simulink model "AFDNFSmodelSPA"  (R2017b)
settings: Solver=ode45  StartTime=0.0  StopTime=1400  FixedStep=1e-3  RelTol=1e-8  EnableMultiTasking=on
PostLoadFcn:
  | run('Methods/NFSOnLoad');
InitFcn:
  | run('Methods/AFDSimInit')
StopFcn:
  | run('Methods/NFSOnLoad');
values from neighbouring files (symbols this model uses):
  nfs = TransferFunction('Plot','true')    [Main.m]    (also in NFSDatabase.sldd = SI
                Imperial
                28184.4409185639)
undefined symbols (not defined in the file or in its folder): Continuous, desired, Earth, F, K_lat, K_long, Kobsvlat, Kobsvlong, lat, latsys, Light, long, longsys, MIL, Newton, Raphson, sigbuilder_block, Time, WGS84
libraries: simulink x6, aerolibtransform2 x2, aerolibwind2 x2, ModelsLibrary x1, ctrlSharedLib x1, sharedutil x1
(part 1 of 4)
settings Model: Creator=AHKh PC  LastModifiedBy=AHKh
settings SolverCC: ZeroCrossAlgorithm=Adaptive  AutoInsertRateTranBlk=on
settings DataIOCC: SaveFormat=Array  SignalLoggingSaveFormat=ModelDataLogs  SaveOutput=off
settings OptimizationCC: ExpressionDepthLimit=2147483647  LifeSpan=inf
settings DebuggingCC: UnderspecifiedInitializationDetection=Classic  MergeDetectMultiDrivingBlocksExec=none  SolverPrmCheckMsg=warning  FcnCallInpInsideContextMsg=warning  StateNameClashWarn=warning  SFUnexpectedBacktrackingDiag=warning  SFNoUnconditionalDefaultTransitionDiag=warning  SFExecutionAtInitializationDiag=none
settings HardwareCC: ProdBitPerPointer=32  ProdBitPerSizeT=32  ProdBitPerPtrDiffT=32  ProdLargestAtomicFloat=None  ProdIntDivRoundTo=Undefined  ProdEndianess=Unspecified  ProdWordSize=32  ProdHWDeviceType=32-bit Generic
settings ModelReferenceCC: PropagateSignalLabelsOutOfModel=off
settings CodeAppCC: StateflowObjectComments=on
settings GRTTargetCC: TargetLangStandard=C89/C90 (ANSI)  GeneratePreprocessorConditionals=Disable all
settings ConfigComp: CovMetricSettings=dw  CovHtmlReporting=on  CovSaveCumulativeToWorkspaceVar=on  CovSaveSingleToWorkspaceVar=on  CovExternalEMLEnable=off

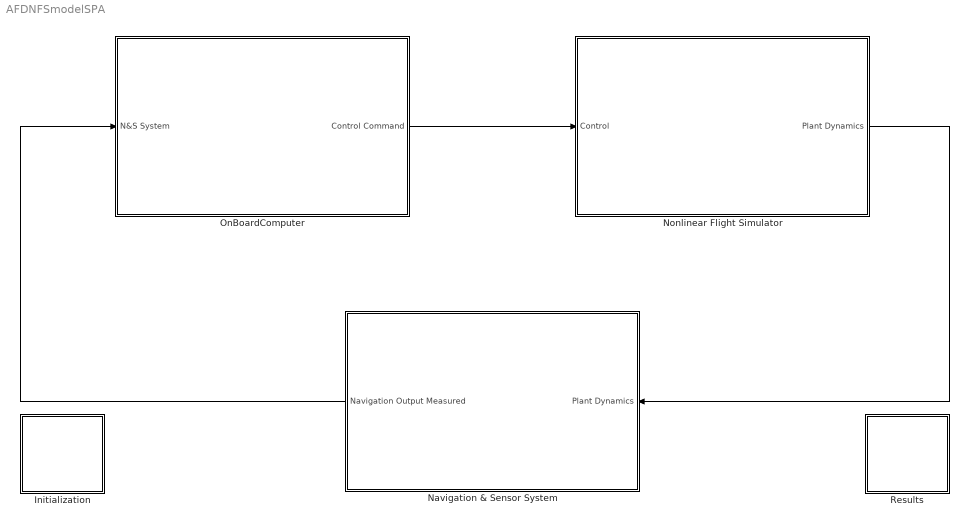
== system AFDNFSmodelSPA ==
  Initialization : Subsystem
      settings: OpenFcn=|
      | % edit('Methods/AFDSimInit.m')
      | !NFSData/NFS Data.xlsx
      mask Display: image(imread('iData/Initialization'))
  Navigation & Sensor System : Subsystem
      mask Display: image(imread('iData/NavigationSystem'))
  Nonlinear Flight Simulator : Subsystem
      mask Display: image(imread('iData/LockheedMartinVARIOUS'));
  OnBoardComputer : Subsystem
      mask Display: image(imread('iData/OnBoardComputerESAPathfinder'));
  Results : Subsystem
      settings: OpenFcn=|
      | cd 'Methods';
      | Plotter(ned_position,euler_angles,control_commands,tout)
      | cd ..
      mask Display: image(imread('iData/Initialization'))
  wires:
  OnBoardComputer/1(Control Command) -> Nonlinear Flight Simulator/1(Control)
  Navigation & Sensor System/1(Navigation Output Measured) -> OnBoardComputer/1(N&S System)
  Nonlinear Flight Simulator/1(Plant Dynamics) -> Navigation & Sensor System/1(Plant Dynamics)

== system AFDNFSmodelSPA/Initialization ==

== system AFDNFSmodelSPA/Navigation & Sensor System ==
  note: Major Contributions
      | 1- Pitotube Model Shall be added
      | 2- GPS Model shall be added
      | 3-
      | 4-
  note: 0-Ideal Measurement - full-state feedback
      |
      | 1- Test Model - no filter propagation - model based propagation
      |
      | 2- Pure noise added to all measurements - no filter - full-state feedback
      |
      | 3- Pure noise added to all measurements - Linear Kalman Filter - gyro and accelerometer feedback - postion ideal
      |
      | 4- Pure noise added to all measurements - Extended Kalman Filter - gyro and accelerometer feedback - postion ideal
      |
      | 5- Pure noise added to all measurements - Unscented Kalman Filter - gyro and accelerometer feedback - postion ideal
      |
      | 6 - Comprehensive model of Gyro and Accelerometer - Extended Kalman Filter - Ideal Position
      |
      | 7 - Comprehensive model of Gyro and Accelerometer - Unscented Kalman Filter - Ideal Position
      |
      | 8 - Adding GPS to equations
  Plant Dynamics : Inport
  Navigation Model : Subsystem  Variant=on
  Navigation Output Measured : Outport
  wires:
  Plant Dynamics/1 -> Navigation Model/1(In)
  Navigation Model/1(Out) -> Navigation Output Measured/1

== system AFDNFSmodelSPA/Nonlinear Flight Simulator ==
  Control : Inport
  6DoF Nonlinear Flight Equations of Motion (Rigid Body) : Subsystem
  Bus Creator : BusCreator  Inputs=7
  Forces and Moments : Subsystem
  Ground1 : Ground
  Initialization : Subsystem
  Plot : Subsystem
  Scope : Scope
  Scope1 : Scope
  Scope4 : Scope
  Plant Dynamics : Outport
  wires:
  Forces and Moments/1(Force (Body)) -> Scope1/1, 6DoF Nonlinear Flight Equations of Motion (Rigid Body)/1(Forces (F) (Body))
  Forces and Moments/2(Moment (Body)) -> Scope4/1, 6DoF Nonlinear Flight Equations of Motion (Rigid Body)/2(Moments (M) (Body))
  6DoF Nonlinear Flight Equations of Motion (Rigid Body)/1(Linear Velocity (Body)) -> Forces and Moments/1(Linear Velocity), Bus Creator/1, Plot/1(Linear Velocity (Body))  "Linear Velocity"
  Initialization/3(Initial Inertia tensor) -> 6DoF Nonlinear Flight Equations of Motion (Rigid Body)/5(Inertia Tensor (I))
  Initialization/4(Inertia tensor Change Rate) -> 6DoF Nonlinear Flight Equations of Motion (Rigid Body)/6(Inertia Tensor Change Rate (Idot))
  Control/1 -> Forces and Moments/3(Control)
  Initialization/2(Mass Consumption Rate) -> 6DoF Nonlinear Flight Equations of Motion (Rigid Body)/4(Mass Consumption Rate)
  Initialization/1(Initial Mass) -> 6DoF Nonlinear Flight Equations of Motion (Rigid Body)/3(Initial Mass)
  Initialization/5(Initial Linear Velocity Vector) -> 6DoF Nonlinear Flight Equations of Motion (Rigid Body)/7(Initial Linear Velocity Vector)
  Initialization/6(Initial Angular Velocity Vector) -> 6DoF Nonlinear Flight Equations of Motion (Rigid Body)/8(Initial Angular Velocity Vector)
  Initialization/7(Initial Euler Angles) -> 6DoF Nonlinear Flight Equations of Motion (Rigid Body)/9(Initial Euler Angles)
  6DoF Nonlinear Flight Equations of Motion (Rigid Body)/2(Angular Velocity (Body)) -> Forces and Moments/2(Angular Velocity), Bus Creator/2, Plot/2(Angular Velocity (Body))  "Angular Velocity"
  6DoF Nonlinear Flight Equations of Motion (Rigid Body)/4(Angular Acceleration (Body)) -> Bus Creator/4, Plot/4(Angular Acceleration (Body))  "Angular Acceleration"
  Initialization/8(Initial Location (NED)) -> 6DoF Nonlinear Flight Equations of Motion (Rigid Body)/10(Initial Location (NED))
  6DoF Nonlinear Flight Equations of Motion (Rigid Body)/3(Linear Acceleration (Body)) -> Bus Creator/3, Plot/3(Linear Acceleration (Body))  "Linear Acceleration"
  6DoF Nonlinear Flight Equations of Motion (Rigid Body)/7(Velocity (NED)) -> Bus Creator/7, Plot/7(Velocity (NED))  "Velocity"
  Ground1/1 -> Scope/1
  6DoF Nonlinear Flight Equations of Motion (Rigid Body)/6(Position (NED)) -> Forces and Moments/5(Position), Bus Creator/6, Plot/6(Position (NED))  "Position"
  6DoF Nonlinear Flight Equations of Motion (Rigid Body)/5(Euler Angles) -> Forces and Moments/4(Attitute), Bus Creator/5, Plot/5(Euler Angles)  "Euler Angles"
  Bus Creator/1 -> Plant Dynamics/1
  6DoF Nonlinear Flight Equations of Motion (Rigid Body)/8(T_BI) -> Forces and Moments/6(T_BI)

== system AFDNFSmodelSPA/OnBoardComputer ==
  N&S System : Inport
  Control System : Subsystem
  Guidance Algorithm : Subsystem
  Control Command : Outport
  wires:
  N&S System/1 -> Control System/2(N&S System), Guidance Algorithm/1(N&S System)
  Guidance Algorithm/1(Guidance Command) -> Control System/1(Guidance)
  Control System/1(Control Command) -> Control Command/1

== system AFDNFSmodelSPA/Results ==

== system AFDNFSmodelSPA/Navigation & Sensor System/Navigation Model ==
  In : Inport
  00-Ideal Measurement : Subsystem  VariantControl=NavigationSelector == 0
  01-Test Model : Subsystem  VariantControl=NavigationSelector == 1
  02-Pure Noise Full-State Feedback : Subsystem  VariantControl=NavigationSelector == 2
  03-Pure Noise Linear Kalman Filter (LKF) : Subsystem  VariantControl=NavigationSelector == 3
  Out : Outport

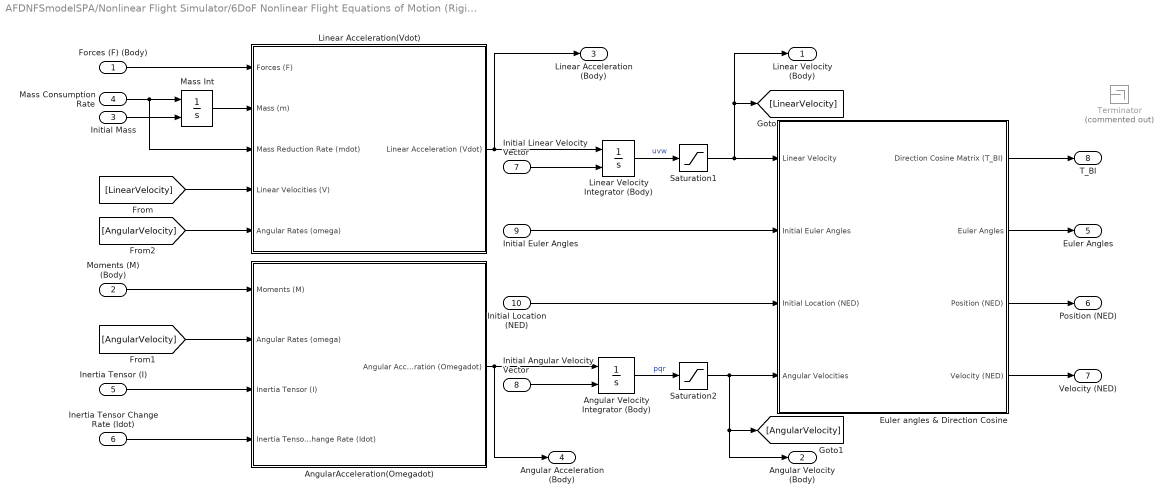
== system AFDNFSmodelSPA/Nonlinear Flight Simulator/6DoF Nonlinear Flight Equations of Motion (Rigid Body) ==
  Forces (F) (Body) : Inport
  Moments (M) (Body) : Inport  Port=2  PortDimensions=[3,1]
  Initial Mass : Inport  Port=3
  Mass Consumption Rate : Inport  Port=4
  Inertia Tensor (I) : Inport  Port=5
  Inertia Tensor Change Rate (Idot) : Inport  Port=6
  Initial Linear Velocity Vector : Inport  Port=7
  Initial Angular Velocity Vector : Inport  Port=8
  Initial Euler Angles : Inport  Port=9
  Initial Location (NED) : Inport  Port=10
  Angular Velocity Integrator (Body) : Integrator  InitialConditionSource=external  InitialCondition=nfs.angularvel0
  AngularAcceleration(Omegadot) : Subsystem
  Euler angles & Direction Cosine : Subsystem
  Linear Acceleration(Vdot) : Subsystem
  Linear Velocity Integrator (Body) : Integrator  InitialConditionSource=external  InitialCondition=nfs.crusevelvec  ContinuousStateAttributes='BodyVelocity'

* * * *

- _Task objective_: Retrieve every line above holding the word "Methods".

- _Task output_:
  | run('Methods/NFSOnLoad');
  | run('Methods/AFDSimInit')
  | run('Methods/NFSOnLoad');
      | % edit('Methods/AFDSimInit.m')
      | cd 'Methods';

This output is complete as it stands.